Страница 3 из 53
Вдоль стены на крючках висели пальто и плащи; рядом стояли две скамьи. На столе — керосиновая лампа, на скобе возле печи еще одна. Два фонаря с треснувшими стеклами на стене.
Пол истерся и запылился до такой степени, словно его никогда не подметали, но поскольку я вырос у мамы, которая всегда следила за порядком, то догадался, что здесь все-таки убирают. За дверью находился умывальник, над ним — прибитый гвоздем кусок зеркала с трещиной посредине и полотенце на ролике, которым слишком долго пользовались не менее сорока или пятидесяти пар рук.

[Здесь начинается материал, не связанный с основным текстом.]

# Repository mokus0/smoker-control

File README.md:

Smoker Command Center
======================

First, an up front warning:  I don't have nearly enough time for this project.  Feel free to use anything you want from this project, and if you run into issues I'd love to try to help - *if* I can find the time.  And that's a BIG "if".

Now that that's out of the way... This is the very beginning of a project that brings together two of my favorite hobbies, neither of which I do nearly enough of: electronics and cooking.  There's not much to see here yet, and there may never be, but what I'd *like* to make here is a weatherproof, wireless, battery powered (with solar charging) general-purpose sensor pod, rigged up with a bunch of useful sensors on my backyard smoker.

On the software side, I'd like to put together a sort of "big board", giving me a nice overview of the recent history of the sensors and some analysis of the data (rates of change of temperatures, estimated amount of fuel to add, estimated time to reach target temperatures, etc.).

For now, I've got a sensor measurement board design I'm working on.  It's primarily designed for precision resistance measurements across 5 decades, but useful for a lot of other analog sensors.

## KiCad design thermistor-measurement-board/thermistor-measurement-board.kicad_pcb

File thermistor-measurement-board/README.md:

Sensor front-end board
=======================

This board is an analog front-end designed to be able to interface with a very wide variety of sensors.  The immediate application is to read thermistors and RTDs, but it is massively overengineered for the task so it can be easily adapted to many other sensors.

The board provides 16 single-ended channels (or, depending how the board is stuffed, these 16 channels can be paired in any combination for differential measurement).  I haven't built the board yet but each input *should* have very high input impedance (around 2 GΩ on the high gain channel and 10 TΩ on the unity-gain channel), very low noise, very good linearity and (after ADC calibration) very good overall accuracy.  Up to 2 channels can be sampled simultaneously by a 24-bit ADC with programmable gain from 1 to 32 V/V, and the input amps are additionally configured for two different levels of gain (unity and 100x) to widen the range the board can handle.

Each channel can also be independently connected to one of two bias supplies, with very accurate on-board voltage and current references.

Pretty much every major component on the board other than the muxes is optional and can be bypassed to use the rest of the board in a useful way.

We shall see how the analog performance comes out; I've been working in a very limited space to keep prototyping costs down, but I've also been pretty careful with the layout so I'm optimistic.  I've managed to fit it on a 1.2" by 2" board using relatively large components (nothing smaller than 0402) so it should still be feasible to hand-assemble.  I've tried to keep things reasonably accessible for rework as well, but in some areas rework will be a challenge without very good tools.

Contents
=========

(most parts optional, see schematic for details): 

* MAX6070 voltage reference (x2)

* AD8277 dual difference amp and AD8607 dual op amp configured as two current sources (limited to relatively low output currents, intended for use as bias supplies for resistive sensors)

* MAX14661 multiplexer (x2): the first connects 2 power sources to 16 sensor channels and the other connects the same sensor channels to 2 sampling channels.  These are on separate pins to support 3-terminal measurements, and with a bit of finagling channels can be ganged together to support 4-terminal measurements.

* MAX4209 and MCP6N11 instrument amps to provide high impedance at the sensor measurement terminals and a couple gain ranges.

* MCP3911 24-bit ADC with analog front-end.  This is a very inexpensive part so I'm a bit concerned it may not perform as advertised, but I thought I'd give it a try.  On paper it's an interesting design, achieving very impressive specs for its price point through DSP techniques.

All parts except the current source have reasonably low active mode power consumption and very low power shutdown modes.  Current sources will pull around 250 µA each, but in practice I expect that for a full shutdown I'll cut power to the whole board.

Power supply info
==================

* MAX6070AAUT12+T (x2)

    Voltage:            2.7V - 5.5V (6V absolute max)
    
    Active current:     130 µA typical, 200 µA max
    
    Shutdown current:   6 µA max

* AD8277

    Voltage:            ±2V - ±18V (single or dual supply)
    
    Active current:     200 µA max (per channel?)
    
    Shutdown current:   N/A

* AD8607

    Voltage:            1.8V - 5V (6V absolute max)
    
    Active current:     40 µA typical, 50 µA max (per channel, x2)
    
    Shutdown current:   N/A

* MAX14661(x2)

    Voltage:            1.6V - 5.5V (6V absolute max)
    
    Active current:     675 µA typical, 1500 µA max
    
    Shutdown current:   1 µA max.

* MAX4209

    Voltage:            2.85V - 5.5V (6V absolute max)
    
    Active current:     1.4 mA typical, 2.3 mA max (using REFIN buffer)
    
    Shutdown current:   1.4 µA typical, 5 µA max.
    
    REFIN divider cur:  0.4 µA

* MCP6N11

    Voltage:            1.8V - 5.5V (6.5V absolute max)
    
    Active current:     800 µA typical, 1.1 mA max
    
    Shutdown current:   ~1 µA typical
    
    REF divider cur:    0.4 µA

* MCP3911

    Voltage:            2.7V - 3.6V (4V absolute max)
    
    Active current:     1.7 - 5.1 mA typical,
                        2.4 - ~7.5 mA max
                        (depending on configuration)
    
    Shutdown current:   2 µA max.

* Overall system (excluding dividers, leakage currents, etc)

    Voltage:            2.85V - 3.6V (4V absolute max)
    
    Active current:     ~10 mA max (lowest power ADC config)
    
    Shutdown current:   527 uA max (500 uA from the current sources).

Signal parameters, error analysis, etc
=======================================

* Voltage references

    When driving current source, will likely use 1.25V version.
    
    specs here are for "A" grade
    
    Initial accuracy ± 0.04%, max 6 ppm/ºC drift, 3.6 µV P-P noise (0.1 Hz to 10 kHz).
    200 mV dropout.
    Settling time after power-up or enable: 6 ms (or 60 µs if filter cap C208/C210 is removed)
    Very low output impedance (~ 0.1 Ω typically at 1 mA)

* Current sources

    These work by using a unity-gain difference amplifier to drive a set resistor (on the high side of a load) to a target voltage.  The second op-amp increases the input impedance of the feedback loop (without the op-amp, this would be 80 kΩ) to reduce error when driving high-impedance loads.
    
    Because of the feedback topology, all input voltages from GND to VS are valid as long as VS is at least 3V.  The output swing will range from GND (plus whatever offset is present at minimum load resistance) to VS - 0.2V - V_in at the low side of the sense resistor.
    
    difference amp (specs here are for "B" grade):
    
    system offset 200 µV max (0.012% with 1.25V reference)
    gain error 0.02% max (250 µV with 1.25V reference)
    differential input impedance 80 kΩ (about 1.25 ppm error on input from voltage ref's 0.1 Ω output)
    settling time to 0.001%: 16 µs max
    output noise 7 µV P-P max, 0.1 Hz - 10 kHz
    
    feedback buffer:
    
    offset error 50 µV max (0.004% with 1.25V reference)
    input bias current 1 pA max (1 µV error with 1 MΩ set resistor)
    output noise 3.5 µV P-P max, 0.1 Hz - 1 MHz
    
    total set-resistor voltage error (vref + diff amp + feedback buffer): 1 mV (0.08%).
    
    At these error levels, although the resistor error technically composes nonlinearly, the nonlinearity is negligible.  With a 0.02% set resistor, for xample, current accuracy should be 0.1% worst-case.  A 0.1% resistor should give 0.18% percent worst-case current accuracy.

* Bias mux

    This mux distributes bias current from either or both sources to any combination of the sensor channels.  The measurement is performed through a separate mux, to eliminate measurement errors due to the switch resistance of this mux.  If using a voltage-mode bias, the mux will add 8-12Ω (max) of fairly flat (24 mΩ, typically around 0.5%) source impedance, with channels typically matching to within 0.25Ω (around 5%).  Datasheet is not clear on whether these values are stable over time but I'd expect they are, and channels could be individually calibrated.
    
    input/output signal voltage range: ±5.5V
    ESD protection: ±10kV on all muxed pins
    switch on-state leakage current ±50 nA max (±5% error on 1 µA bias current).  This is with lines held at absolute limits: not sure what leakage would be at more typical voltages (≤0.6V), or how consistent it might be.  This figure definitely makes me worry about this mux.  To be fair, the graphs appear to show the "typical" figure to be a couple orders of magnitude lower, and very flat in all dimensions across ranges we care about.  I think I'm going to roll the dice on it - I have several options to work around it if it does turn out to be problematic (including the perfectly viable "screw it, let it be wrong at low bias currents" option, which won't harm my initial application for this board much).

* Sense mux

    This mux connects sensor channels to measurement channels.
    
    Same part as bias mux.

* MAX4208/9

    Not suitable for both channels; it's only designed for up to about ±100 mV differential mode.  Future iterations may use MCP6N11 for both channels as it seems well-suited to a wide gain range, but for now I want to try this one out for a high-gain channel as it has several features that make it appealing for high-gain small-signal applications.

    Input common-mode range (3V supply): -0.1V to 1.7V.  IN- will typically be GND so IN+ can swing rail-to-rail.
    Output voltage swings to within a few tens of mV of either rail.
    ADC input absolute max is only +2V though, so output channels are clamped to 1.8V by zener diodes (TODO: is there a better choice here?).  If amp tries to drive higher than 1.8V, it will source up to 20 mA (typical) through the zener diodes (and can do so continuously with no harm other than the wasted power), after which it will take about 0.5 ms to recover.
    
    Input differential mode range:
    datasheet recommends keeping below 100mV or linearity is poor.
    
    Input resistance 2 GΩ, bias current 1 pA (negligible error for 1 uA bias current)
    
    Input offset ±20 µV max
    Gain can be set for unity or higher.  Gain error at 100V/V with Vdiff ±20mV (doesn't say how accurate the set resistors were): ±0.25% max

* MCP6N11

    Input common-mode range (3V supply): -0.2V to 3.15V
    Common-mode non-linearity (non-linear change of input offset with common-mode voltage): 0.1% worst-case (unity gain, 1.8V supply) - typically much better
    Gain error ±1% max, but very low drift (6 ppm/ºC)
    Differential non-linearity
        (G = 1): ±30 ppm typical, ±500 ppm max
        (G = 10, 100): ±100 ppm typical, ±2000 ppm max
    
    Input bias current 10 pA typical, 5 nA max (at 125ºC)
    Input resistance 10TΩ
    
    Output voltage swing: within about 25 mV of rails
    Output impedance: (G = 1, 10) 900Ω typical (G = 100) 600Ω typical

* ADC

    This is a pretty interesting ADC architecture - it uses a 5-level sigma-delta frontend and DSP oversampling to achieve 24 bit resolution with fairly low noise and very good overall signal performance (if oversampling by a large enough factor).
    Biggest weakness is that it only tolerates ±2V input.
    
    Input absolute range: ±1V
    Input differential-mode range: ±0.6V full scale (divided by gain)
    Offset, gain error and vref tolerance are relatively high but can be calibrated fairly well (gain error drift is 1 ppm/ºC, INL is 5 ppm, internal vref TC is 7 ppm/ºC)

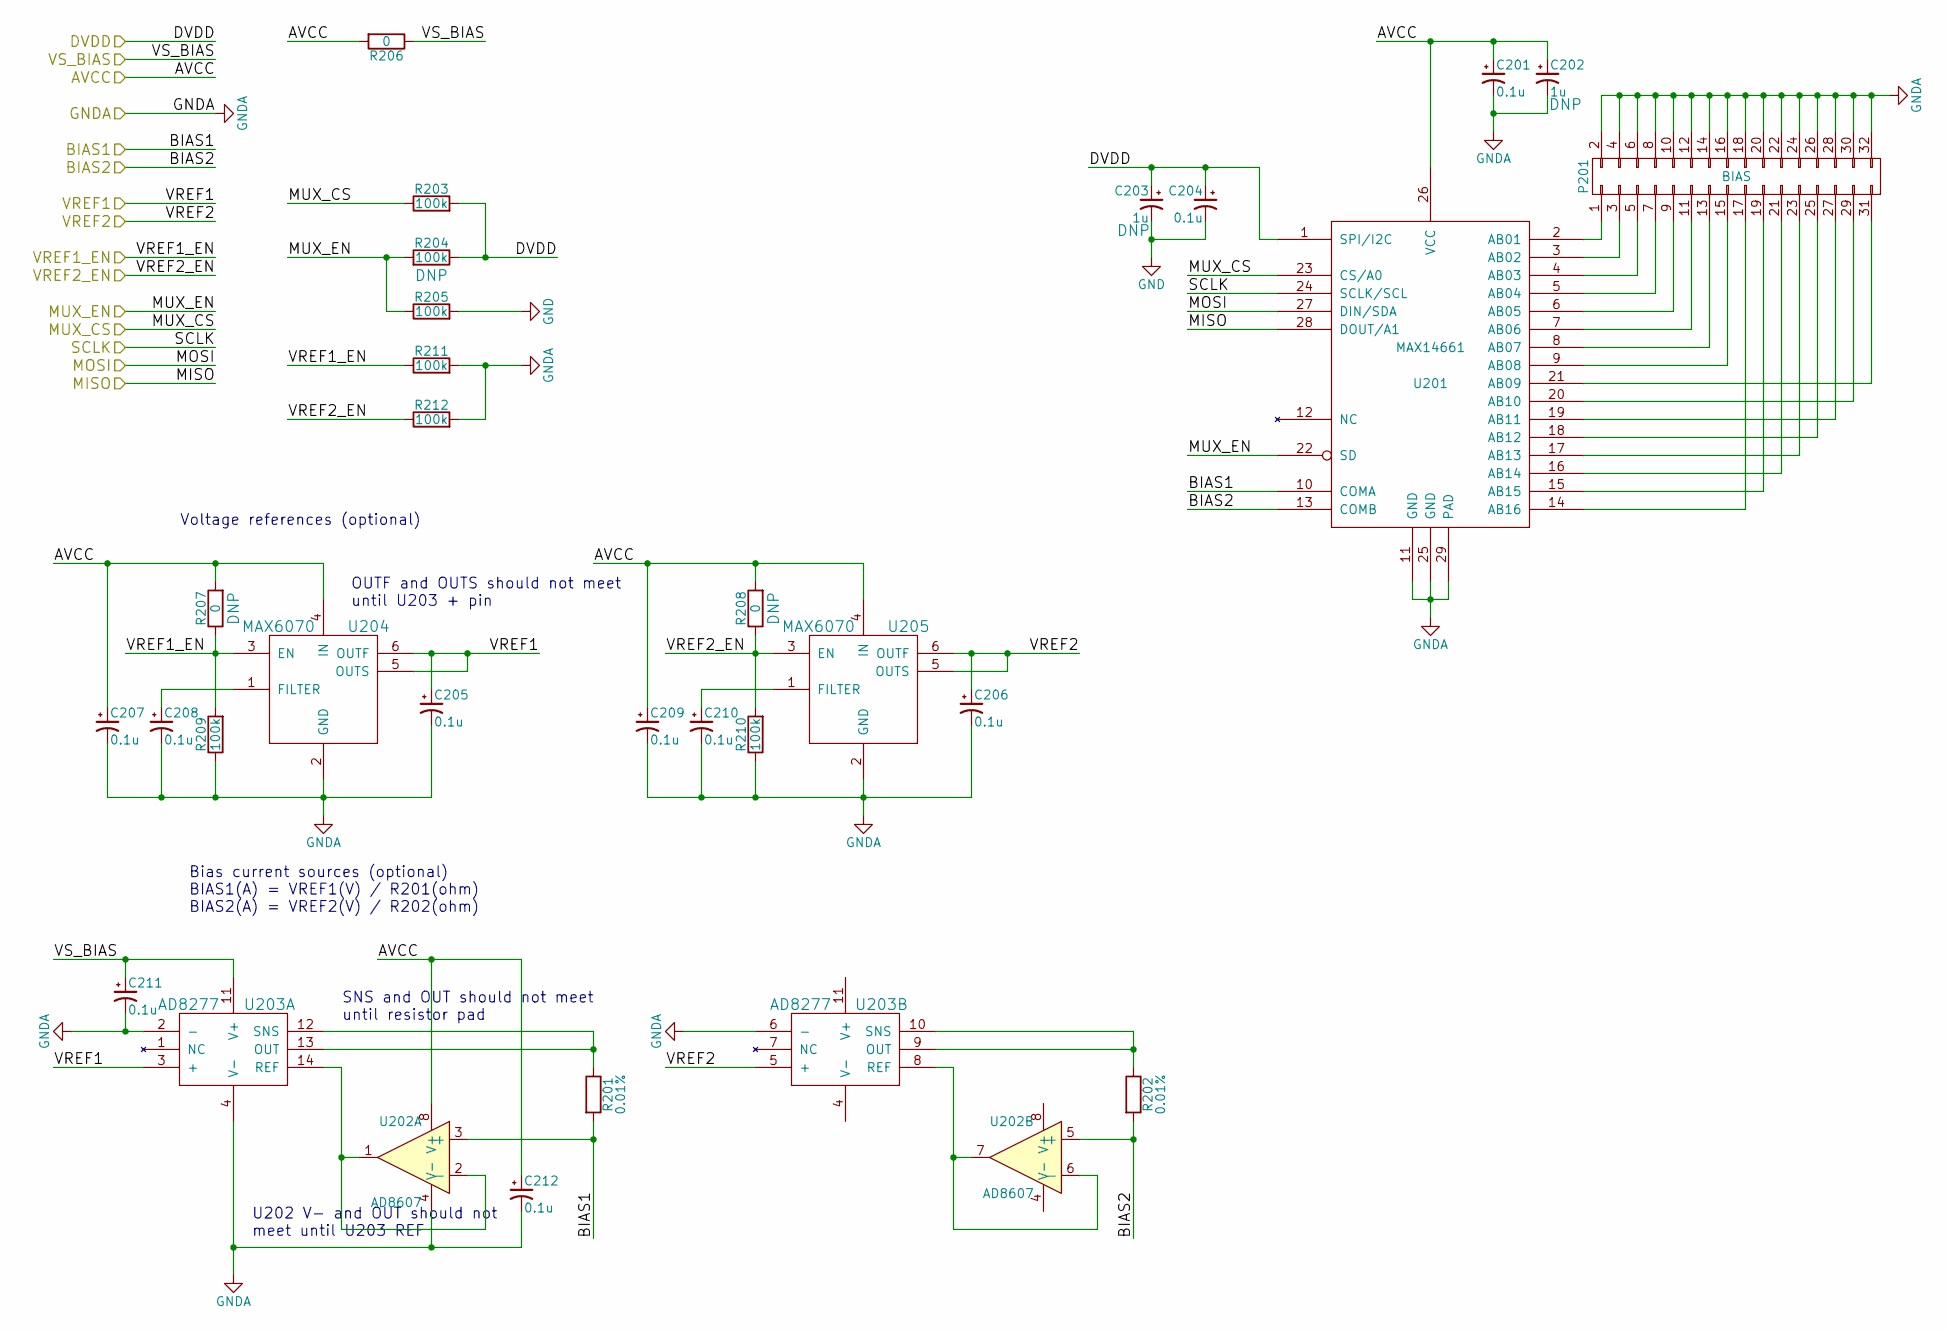
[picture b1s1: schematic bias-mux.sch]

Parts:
C201, C204, C205, C206, C207, C208, C209, C210, C211, C212: 0.1u; C_0402
C202, C203: 1u; C_0603
P201: BIAS; Pin_Header_Straight_2x16
R201, R202: 0.01%; R_0603
R203, R204, R205: 100k; R_0603
R206, R207, R208: 0; R_0402
R209, R210, R211, R212: 100k; R_0402
U201: MAX14661; Maxim_90-0035
U202: AD8607; MSOP-8_3x3mm_Pitch0.65mm
U203: AD8277; SOIC-14_3.9x8.7mm_Pitch1.27mm
U204, U205: MAX6070; Maxim_90-0175

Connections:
/ADC/AVCC: C201.1, C202.1, C207.1, C209.1, C212.1, R206.2, R207.2, R208.2, U201.26 (VCC), U202.8 (V+), U204.4 (IN), U205.4 (IN); also elsewhere on the board
/ADC/DVDD: C203.1, C204.1, R203.2, R204.1, U201.1 (SPI/I2C); also elsewhere on the board
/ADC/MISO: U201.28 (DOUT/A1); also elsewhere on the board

Поплескавшись в тазу, я вымыл руки, расчесал волосы и взглянул на мужчину в зеркале. Это был я — парень с худым, смуглым лицом, бакенбардами и усами. Впервые за три или четыре месяца я увидел свое отражение в чем-то другом, кроме воды, но, похоже, я не слишком изменился. Шрам на скуле, где кожу царапнула пуля, почти исчез.
Появился Денни и, смочив водой волосы, пригладил их назад. Возле макушки остался торчать вихор.
— Кормежка здесь хорошая — она отлично готовит.
— Сама готовит?
— А кто же еще?
Я отряхнул шляпой пыль с мятой одежды и направился к дому; мои глаза пробежались по холмам, отмечая те места, с которых могли наблюдать за ранчо. Таких оказалось немного; холмы выглядели безлюдными.
Маленькая загородка перед домом окружала пустой дворик с несколькими цветами довольно жалкого вида. Выложенная камнем дорожка вела к двери. В комнате стоял стол под скатертью в красную и белую клетку, на котором уже были расставлены покрытые чем-то вроде голубой эмали тарелки с аппетитным на вид рагу, тут же примостился щербатый эмалированный кофейник, а на буфете красовался яблочный пирог… конечно, из сушеных яблок, но тоже весьма аппетитный. Кроме того, стоял горшок с бобами, желе из диких яблок и лежали толстые куски белого хлеба, словно только что вынутого из печи.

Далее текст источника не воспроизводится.